# A couple more tips/transfer screws



## DICKEYBIRD (May 10, 2008)

These aren't earth-shattering revelations but they were new to me and worked well.

Minor revelation #1: When I was tapping the mounting holes in the 5C collet fixture in the XY table/grinder tool sharpening project, the tap was binding up and was about to break due to the hard metal the fixture is made of. My Ace tap set was bought in the early 70's and the 3/8 UNC tap has tapped many a hole back when I was turning wrenches for a living. I looked at the tap under a strong lense and could see that the leading edges of the flutes were galling and had some work-hardened swarf bonded on. I decided to freshen the edges and see if it would help.

I chucked it into a 5C square collet block to hold it securely and used a 1/4" square Eze-Lap diamond stick to work on it by hand. The square block allowed a consistent view of the 4 flutes as I worked on them and a magnifying visor and bright light really helped to see what was going on.  The diamond lap dipped frequently into water with a drop of dishwashing liquid added worked really well to remove a little metal from the leading edge.







The difference was amazing! I was able to cleanly tap the other 3 holes with far less effort. The 1st one required a fresh resharpen and a lot of patience due to the work hardening. 

Minor revelation #2: Once the holes were finished, I realized I didn't have any store-bought transfer screws so I made a couple in the 3/8" U.N.C. size.

I drilled and parted off a couple 1/2" lengths of 3/8" all thread rod; then chucked them in a 5C hex collet block. That was clamped in the mill vise with a work stop on the other side to insure consistent positioning. Since my trig skills are non-existent, I sketched it up in CAD to compute how deep to mill the flats to end up with a socket that would fit into the threaded hole.

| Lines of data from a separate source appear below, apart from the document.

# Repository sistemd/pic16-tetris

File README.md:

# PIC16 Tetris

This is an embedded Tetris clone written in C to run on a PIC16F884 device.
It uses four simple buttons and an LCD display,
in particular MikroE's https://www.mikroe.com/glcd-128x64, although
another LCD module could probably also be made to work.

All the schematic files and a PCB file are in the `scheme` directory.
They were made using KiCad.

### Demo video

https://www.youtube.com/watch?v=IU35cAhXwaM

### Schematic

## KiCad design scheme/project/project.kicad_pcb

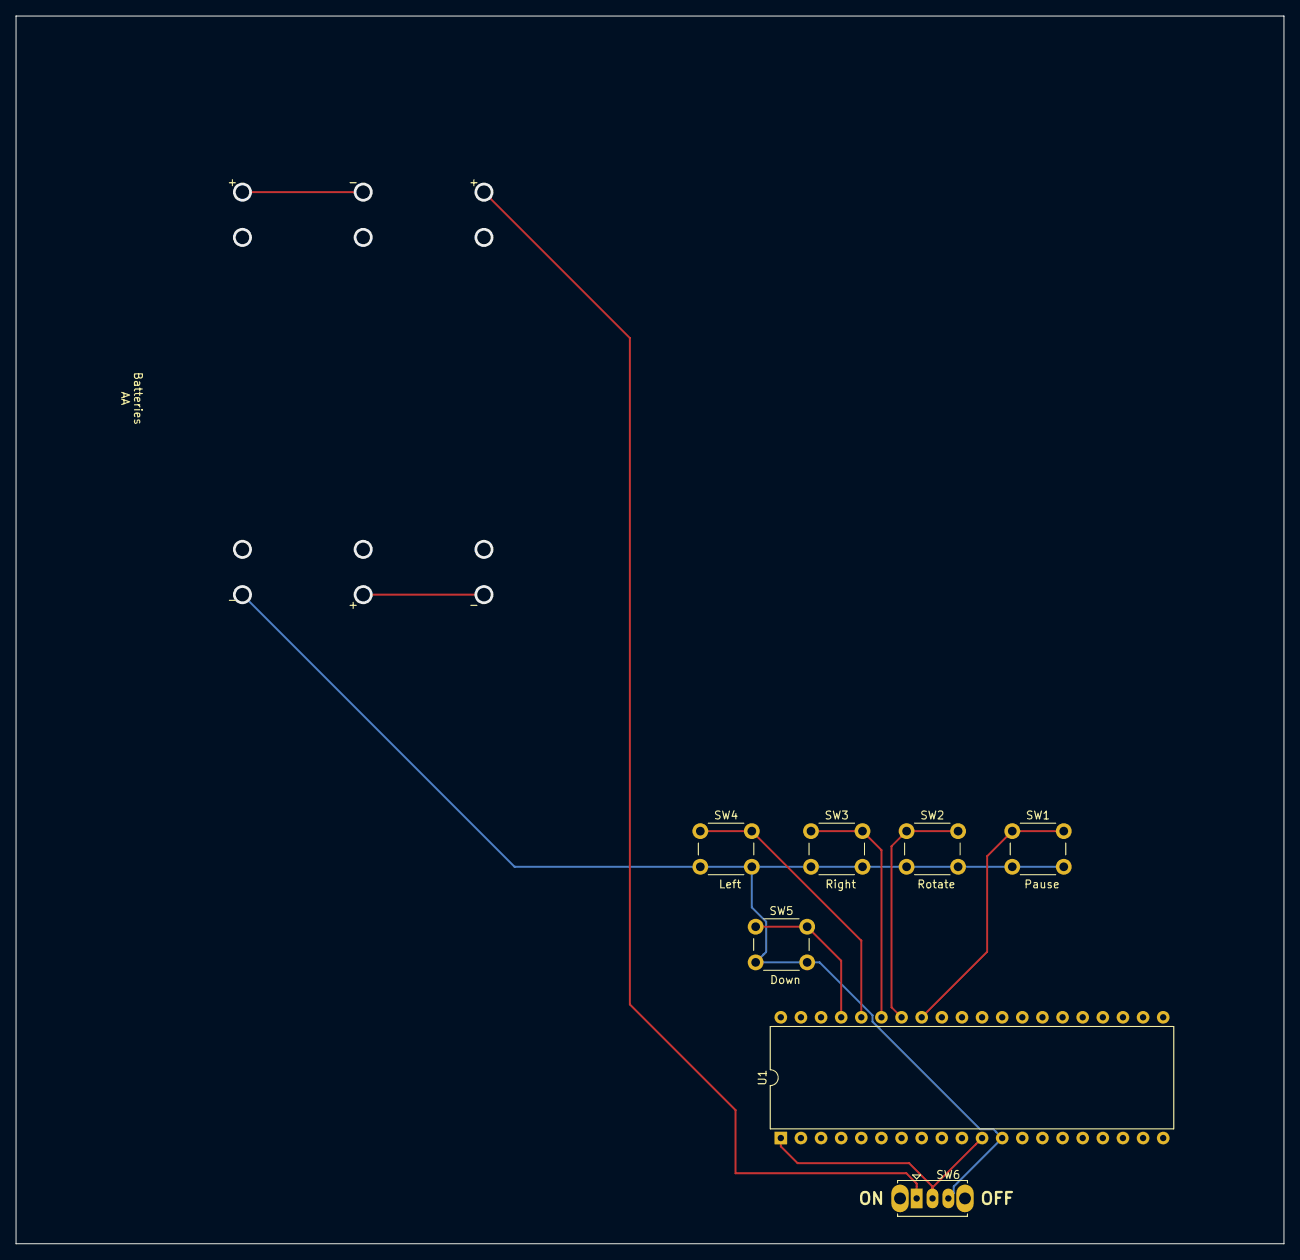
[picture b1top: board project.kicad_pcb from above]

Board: 2 copper layers, 160.0 x 154.9 mm, 7 parts (0 on the bottom side), 7 nets.

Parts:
SW1: Pause; SW_PUSH_6mm
SW2: Rotate; SW_PUSH_6mm
SW3: Right; SW_PUSH_6mm
SW4: Left; SW_PUSH_6mm
SW5: Down; SW_PUSH_6mm
SW6: Power_sw; SW_Slide_1P2T_CK_OS102011MS2Q
U1: PIC16F884; DIP-40_W15.24mm

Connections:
GND: SW1.2, SW2.2, SW3.2, SW4.2, SW5.2, SW6.3, U1.12
unnamed: SW1.1, U1.33
unnamed: SW2.1, U1.34
unnamed: SW3.1, U1.35
unnamed: SW4.1, U1.36
unnamed: SW5.1, U1.37
unnamed: SW6.2, U1.1, U1.11

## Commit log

2019-04-26 Added moving down, movement tests, moving down is still untested
2019-04-27 Tetris code is finished
2019-04-29 Non-timed version running on embedded hardware
2019-04-29 Embedded hardware runs the game, with timing
2019-04-29 Fixed a randomness issue, added code for embedding the logo image into memory and drawing it
2019-04-30 Made the logo smaller, fixed a big with rotating a unit and made the rotation always go clockwise
2019-04-30 Finished everything, no memory left for logo
2019-05-01 Added a KiCad scheme
2019-05-01 Fixed a bug
2019-05-10 Added a PCB and fixed up the scheme
2019-07-14 Changed the structure a bit and added a REAME
2019-07-15 Added schematic image
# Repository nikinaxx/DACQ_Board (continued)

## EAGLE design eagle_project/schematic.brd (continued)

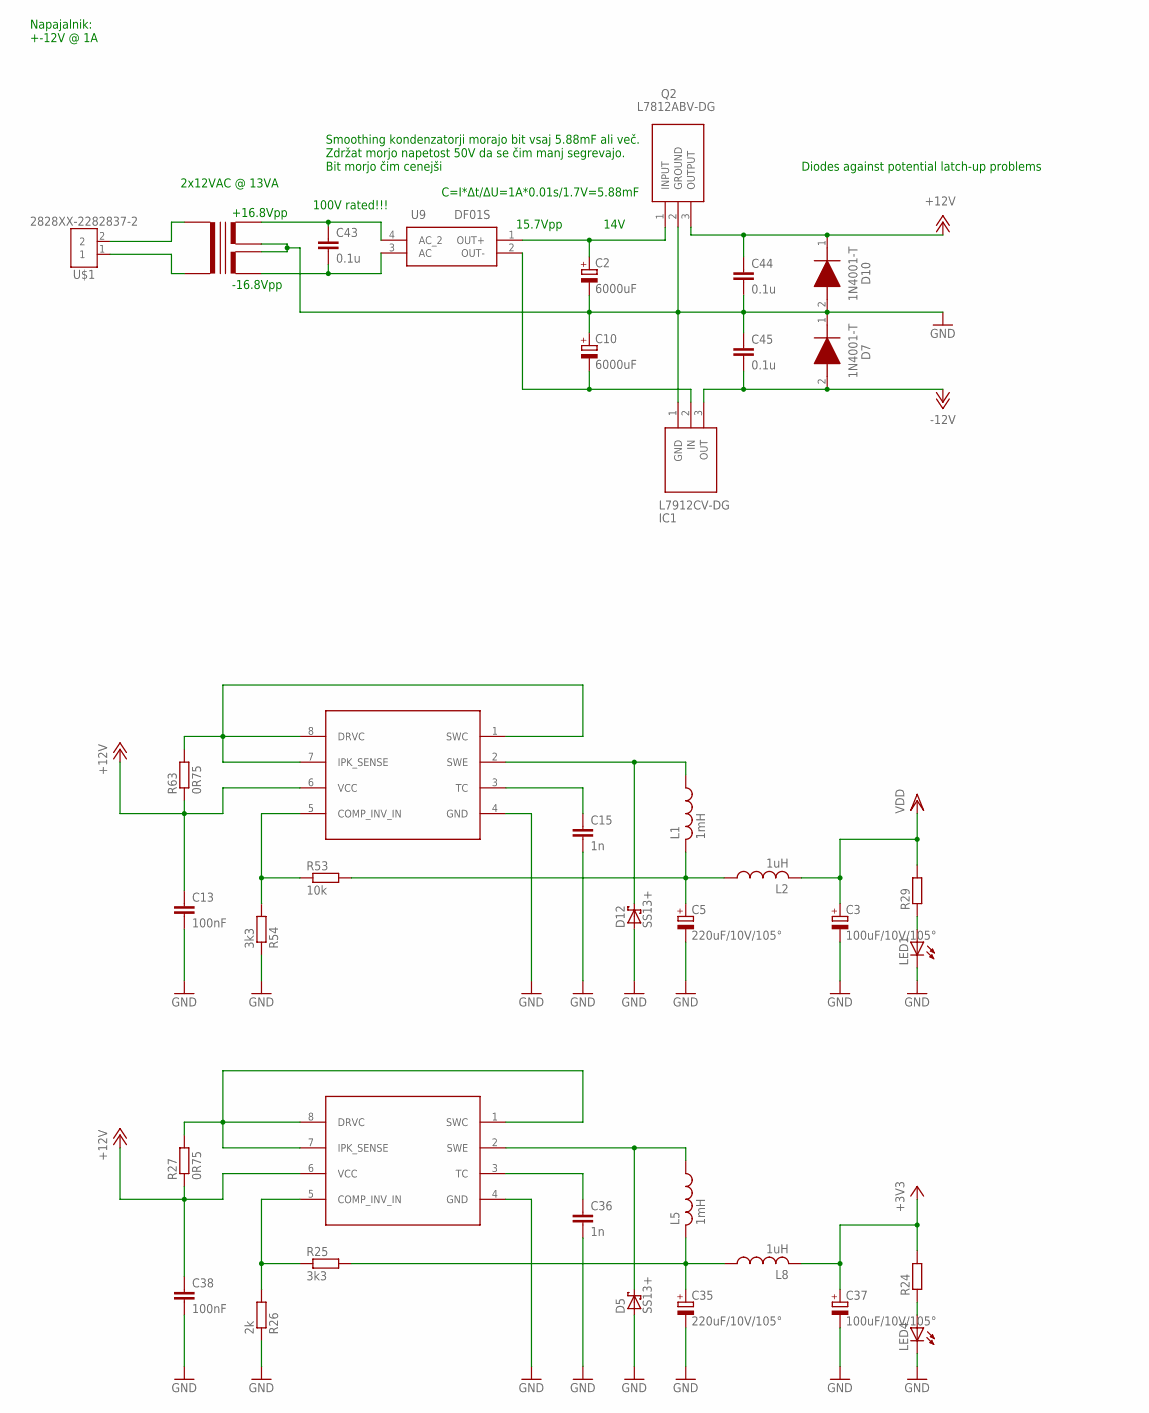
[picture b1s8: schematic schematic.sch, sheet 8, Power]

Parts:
C2, C10: 6000uF; EB22,5D
C3, C37: 100uF/10V/105°; E2-5
C5, C35: 220uF/10V/105°; E2,5-6
C13, C38: 100nF; C0805
C15, C36: 1n; C0805
C43, C44, C45: 0.1u; C0805
D5, D12: SS13+; SMC
D7, D10: 1N4001-T; DIOAD1408W86L464D236
IC1: L7912CV-DG; TO255P460X1020X2008-3P
IC3, IC7: AZ34063U; SO08
L1, L5: 1mH; 12LRS105C
L2, L8: 1uH; R0805
LED1, LED4: LED3MM
Q2: L7812ABV-DG; TO255P460X1020X2008-3P
R24, R29: R-EU_R0805; R0805
R25, R54: 3k3; R0805
R26: 2k; R0805
R27, R63: 0R75; R0805
R53: 10k; R0805
TR1: TRANSFORMER-PCB-2X12; TRANSFORMER-PCB-2X12_FOOTPRINT
U9: DF01S; SOT508P985X260-4N
U$1: 2828XX-2282837-2; TERMBLK_508-2N

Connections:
+3V3: C37.+, L8.2, R24.2; also elsewhere on the board
+5V: C5.+, L1.3 (2), L2.1, R53.2; also elsewhere on the board
+5V3: C35.+, L5.3 (2), L8.1, R25.2
+12V: C44.1, D10.1 (K), IC3.6 (VCC), IC7.6 (VCC), Q2.3 (OUTPUT), R27.1, R63.1; also elsewhere on the board
-12V: C45.2, D7.2 (A), IC1.3 (OUT); also elsewhere on the board
GND: C2.-, C3.-, C5.-, C10.+, C13.2, C15.2, C35.-, C36.2, C37.-, C38.2, C44.2, C45.1, D5.A, D7.1 (K), D10.2 (A), D12.A, IC1.1 (GND), IC3.4 (GND), IC7.4 (GND), LED1.K (C), LED4.K (C), Q2.2 (GROUND), R26.1, R54.1, TR1.S12, TR1.S21; also elsewhere on the board
unnamed: LED4.A, R24.1
unnamed: LED1.A, R29.1
unnamed: IC7.5 (COMP_INV_IN), R25.1, R26.2
unnamed: IC7.1 (SWC), IC7.7 (IPK_SENSE), IC7.8 (DRVC), R27.2
unnamed: D5.C, IC7.2 (SWE), L5.1
unnamed: C36.1, IC7.3 (TC)
unnamed: C15.1, IC3.3 (TC)
unnamed: IC3.5 (COMP_INV_IN), R53.1, R54.2
unnamed: IC3.1 (SWC), IC3.7 (IPK_SENSE), IC3.8 (DRVC), R63.2
unnamed: D12.C, IC3.2 (SWE), L1.1
unnamed: TR1.P2, U$1.1
unnamed: TR1.P1, U$1.2
unnamed: C43.1, TR1.S11, U9.4 (AC_2)
unnamed: C43.2, TR1.S22, U9.3 (AC)
unnamed: C2.+, Q2.1 (INPUT), U9.1 (OUT+)
unnamed: C10.-, IC1.2 (IN), U9.2 (OUT-)
VDD: C3.+, L2.2, R29.2; also elsewhere on the board
VDD1: C13.1
VDD2: C38.1

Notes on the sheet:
+16.8Vpp
-16.8Vpp
100V rated!!!
2x12VAC @ 13VA
15.7Vpp
Smoothing kondenzatorji morajo bit vsaj 5.88mF ali več. Zdržat morjo napetost 50V da se čim manj segrevajo. Bit morjo čim cenejši
C=I*Δt/ΔU=1A*0.01s/1.7V=5.88mF
14V
Diodes against potential latch-up problems
Napajalnik: +-12V @ 1A

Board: 2 copper layers, 210 parts (0 on the bottom side), 161 nets, no tracks yet.

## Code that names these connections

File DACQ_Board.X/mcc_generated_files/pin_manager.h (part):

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*/
/**
  @Summary
    Sets the GPIO pin, RA1, high using LATA1.

  @Description
    Sets the GPIO pin, RA1, high using LATA1.

  @Preconditions
    The RA1 must be set to an output.
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#define V_IN_0_10_1_SetHigh()          (_LATA1 = 1)
/**
  @Summary
    Sets the GPIO pin, RA1, low using LATA1.

  @Description
    Sets the GPIO pin, RA1, low using LATA1.

  @Preconditions
    The RA1 must be set to an output.
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#define V_IN_0_10_1_SetLow()           (_LATA1 = 0)
/**
  @Summary
    Toggles the GPIO pin, RA1, using LATA1.

  @Description
    Toggles the GPIO pin, RA1, using LATA1.

  @Preconditions
    The RA1 must be set to an output.
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#define V_IN_0_10_1_Toggle()           (_LATA1 ^= 1)
/**
  @Summary
    Reads the value of the GPIO pin, RA1.

  @Description
    Reads the value of the GPIO pin, RA1.

  @Preconditions
    None.
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    </code>

*/
#define V_IN_0_10_1_GetValue()         _RA1
/**
  @Summary
    Configures the GPIO pin, RA1, as an input.

  @Description
    Configures the GPIO pin, RA1, as an input.

  @Preconditions
    None.
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#define V_IN_0_10_1_SetDigitalInput()  (_TRISA1 = 1)
/**
  @Summary
    Configures the GPIO pin, RA1, as an output.

  @Description
    Configures the GPIO pin, RA1, as an output.

  @Preconditions
    None.
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#define V_IN_0_10_1_SetDigitalOutput() (_TRISA1 = 0)
/**
  @Summary
    Sets the GPIO pin, RA4, high using LATA4.

  @Description
    Sets the GPIO pin, RA4, high using LATA4.

  @Preconditions
    The RA4 must be set to an output.
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#define D_OUT_0_SetHigh()          (_LATA4 = 1)
/**
  @Summary
    Sets the GPIO pin, RA4, low using LATA4.

  @Description
    Sets the GPIO pin, RA4, low using LATA4.

  @Preconditions
    The RA4 must be set to an output.
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#define D_OUT_0_SetLow()           (_LATA4 = 0)
/**
  @Summary
    Toggles the GPIO pin, RA4, using LATA4.

  @Description
    Toggles the GPIO pin, RA4, using LATA4.

  @Preconditions
    The RA4 must be set to an output.
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#define D_OUT_0_Toggle()           (_LATA4 ^= 1)
/**
  @Summary
    Reads the value of the GPIO pin, RA4.

  @Description
    Reads the value of the GPIO pin, RA4.

  @Preconditions
    None.
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    </code>

*/
#define D_OUT_0_GetValue()         _RA4
/**
  @Summary
    Configures the GPIO pin, RA4, as an input.

  @Description
    Configures the GPIO pin, RA4, as an input.

  @Preconditions
    None.
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#define D_OUT_0_SetDigitalInput()  (_TRISA4 = 1)
/**
  @Summary
    Configures the GPIO pin, RA4, as an output.

  @Description
    Configures the GPIO pin, RA4, as an output.

  @Preconditions
    None.
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#define D_OUT_0_SetDigitalOutput() (_TRISA4 = 0)
/**
  @Summary
    Sets the GPIO pin, RB0, high using LATB0.

  @Description
    Sets the GPIO pin, RB0, high using LATB0.

  @Preconditions
    The RB0 must be set to an output.
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#define I_IN_1_SetHigh()          (_LATB0 = 1)
/**
  @Summary
    Sets the GPIO pin, RB0, low using LATB0.

  @Description
    Sets the GPIO pin, RB0, low using LATB0.

  @Preconditions
    The RB0 must be set to an output.
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#define I_IN_1_SetLow()           (_LATB0 = 0)
/**
  @Summary
    Toggles the GPIO pin, RB0, using LATB0.

  @Description
    Toggles the GPIO pin, RB0, using LATB0.

  @Preconditions
    The RB0 must be set to an output.
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#define I_IN_1_Toggle()           (_LATB0 ^= 1)
/**
  @Summary
    Reads the value of the GPIO pin, RB0.

  @Description
    Reads the value of the GPIO pin, RB0.

  @Preconditions
    None.
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    </code>

*/
#define I_IN_1_GetValue()         _RB0
/**
  @Summary
    Configures the GPIO pin, RB0, as an input.

  @Description
    Configures the GPIO pin, RB0, as an input.

  @Preconditions
    None.
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#define I_IN_1_SetDigitalInput()  (_TRISB0 = 1)
/**
  @Summary
    Configures the GPIO pin, RB0, as an output.

  @Description
    Configures the GPIO pin, RB0, as an output.

  @Preconditions
    None.
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#define I_IN_1_SetDigitalOutput() (_TRISB0 = 0)
/**
  @Summary
    Sets the GPIO pin, RB1, high using LATB1.

  @Description
    Sets the GPIO pin, RB1, high using LATB1.

  @Preconditions
    The RB1 must be set to an output.
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#define I_IN_2_SetHigh()          (_LATB1 = 1)
/**
  @Summary
    Sets the GPIO pin, RB1, low using LATB1.

  @Description
    Sets the GPIO pin, RB1, low using LATB1.

  @Preconditions
    The RB1 must be set to an output.
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#define I_IN_2_SetLow()           (_LATB1 = 0)
/**
  @Summary
    Toggles the GPIO pin, RB1, using LATB1.

  @Description
    Toggles the GPIO pin, RB1, using LATB1.

  @Preconditions
    The RB1 must be set to an output.
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#define I_IN_2_Toggle()           (_LATB1 ^= 1)
/**
  @Summary
    Reads the value of the GPIO pin, RB1.

  @Description
    Reads the value of the GPIO pin, RB1.

  @Preconditions
    None.
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    </code>

*/
#define I_IN_2_GetValue()         _RB1
/**
  @Summary
    Configures the GPIO pin, RB1, as an input.

  @Description
    Configures the GPIO pin, RB1, as an input.

  @Preconditions
    None.
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#define I_IN_2_SetDigitalInput()  (_TRISB1 = 1)
/**
  @Summary
    Configures the GPIO pin, RB1, as an output.

  @Description
    Configures the GPIO pin, RB1, as an output.

  @Preconditions
    None.
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#define V_IN_neg_10_2_SetDigitalOutput() (_TRISB13 = 0)
/**
  @Summary
    Sets the GPIO pin, RB14, high using LATB14.

  @Description
    Sets the GPIO pin, RB14, high using LATB14.

  @Preconditions
    The RB14 must be set to an output.
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#define V_IN_neg_10_1_SetHigh()          (_LATB14 = 1)
/**
  @Summary
    Sets the GPIO pin, RB14, low using LATB14.

  @Description
    Sets the GPIO pin, RB14, low using LATB14.

  @Preconditions
    The RB14 must be set to an output.
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#define V_IN_neg_10_1_SetLow()           (_LATB14 = 0)
/**
  @Summary
    Toggles the GPIO pin, RB14, using LATB14.

  @Description
    Toggles the GPIO pin, RB14, using LATB14.

  @Preconditions
    The RB14 must be set to an output.
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#define V_IN_neg_10_1_Toggle()           (_LATB14 ^= 1)
/**
  @Summary
    Reads the value of the GPIO pin, RB14.

  @Description
    Reads the value of the GPIO pin, RB14.

  @Preconditions
    None.
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    </code>

*/
#define V_IN_neg_10_1_GetValue()         _RB14
/**
  @Summary
    Configures the GPIO pin, RB14, as an input.

  @Description
    Configures the GPIO pin, RB14, as an input.

  @Preconditions
    None.
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#define V_IN_neg_10_1_SetDigitalInput()  (_TRISB14 = 1)
/**
  @Summary
    Configures the GPIO pin, RB14, as an output.

  @Description
    Configures the GPIO pin, RB14, as an output.

  @Preconditions
    None.
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#define V_IN_neg_10_1_SetDigitalOutput() (_TRISB14 = 0)
/**
  @Summary
    Sets the GPIO pin, RB15, high using LATB15.

  @Description
    Sets the GPIO pin, RB15, high using LATB15.

  @Preconditions
    The RB15 must be set to an output.
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#define V_IN_0_10_2_SetHigh()          (_LATB15 = 1)
/**
  @Summary
    Sets the GPIO pin, RB15, low using LATB15.

  @Description
    Sets the GPIO pin, RB15, low using LATB15.

  @Preconditions
    The RB15 must be set to an output.
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#define V_IN_0_10_2_SetLow()           (_LATB15 = 0)
/**
  @Summary
    Toggles the GPIO pin, RB15, using LATB15.

  @Description
    Toggles the GPIO pin, RB15, using LATB15.

  @Preconditions
    The RB15 must be set to an output.
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#define V_IN_0_10_2_Toggle()           (_LATB15 ^= 1)
/**
  @Summary
    Reads the value of the GPIO pin, RB15.

  @Description
    Reads the value of the GPIO pin, RB15.

  @Preconditions
    None.
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    </code>

*/
#define V_IN_0_10_2_GetValue()         _RB15
/**
  @Summary
    Configures the GPIO pin, RB15, as an input.

  @Description
    Configures the GPIO pin, RB15, as an input.

  @Preconditions
    None.
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#define V_IN_0_10_2_SetDigitalInput()  (_TRISB15 = 1)
/**
  @Summary
    Configures the GPIO pin, RB15, as an output.

  @Description
    Configures the GPIO pin, RB15, as an output.

  @Preconditions
    None.
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#define V_IN_0_10_2_SetDigitalOutput() (_TRISB15 = 0)
/**
  @Summary
    Sets the GPIO pin, RB2, high using LATB2.

  @Description
    Sets the GPIO pin, RB2, high using LATB2.

  @Preconditions
    The RB2 must be set to an output.
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#define D_IN_0_SetHigh()          (_LATB2 = 1)
/**
  @Summary
    Sets the GPIO pin, RB2, low using LATB2.

  @Description
    Sets the GPIO pin, RB2, low using LATB2.

  @Preconditions
    The RB2 must be set to an output.
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#define D_IN_0_SetLow()           (_LATB2 = 0)
/**
  @Summary
    Toggles the GPIO pin, RB2, using LATB2.

  @Description
    Toggles the GPIO pin, RB2, using LATB2.

  @Preconditions
    The RB2 must be set to an output.
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#define D_IN_0_Toggle()           (_LATB2 ^= 1)
/**
  @Summary
    Reads the value of the GPIO pin, RB2.

  @Description
    Reads the value of the GPIO pin, RB2.

  @Preconditions
    None.
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    </code>

*/
#define D_IN_0_GetValue()         _RB2
/**
  @Summary
    Configures the GPIO pin, RB2, as an input.

  @Description
    Configures the GPIO pin, RB2, as an input.

  @Preconditions
    None.
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#define D_IN_0_SetDigitalInput()  (_TRISB2 = 1)
/**
  @Summary
    Configures the GPIO pin, RB2, as an output.

  @Description
    Configures the GPIO pin, RB2, as an output.
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
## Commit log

2022-06-10 Added eagle project and DAC schematic.
2022-06-13 Zdruzene reference in dac v end sch
2022-06-26 koncane reference in napajanje
2022-07-08 Updated analog outputs. Removed op amps and added secector switches
2022-07-08 Analog outputs: added trimmers and fixed voltage labels
2022-08-13 schematic mostly done. added mp lab project
2022-08-15 changed R values in AO and changed DI
2022-08-17 Reverted DI. Added linear +-12V PSU with transformer

I was in a hurry so I used a couple of short pieces of drywall screw for the points. They were available and are pretty hard so they should be durable. I chucked them in my drill and regound the tips to roughly 60 deg. and which also reduced the runout. I glued the the points in with super glue and they ended up plenty accurate.


----------



## BobWarfield (May 10, 2008)

You gotta luv collet blocks eh? Made short work of the hex you needed to make on your transfer screw. Another tip I got from a machinist while we're on the subject of taps. He never likes to put them in a drill chuck. Prefers ER11 collet chucks for that purpose. If I ever get around to a hand tapper, I'll be tempted to adapt one to work with an ER11. 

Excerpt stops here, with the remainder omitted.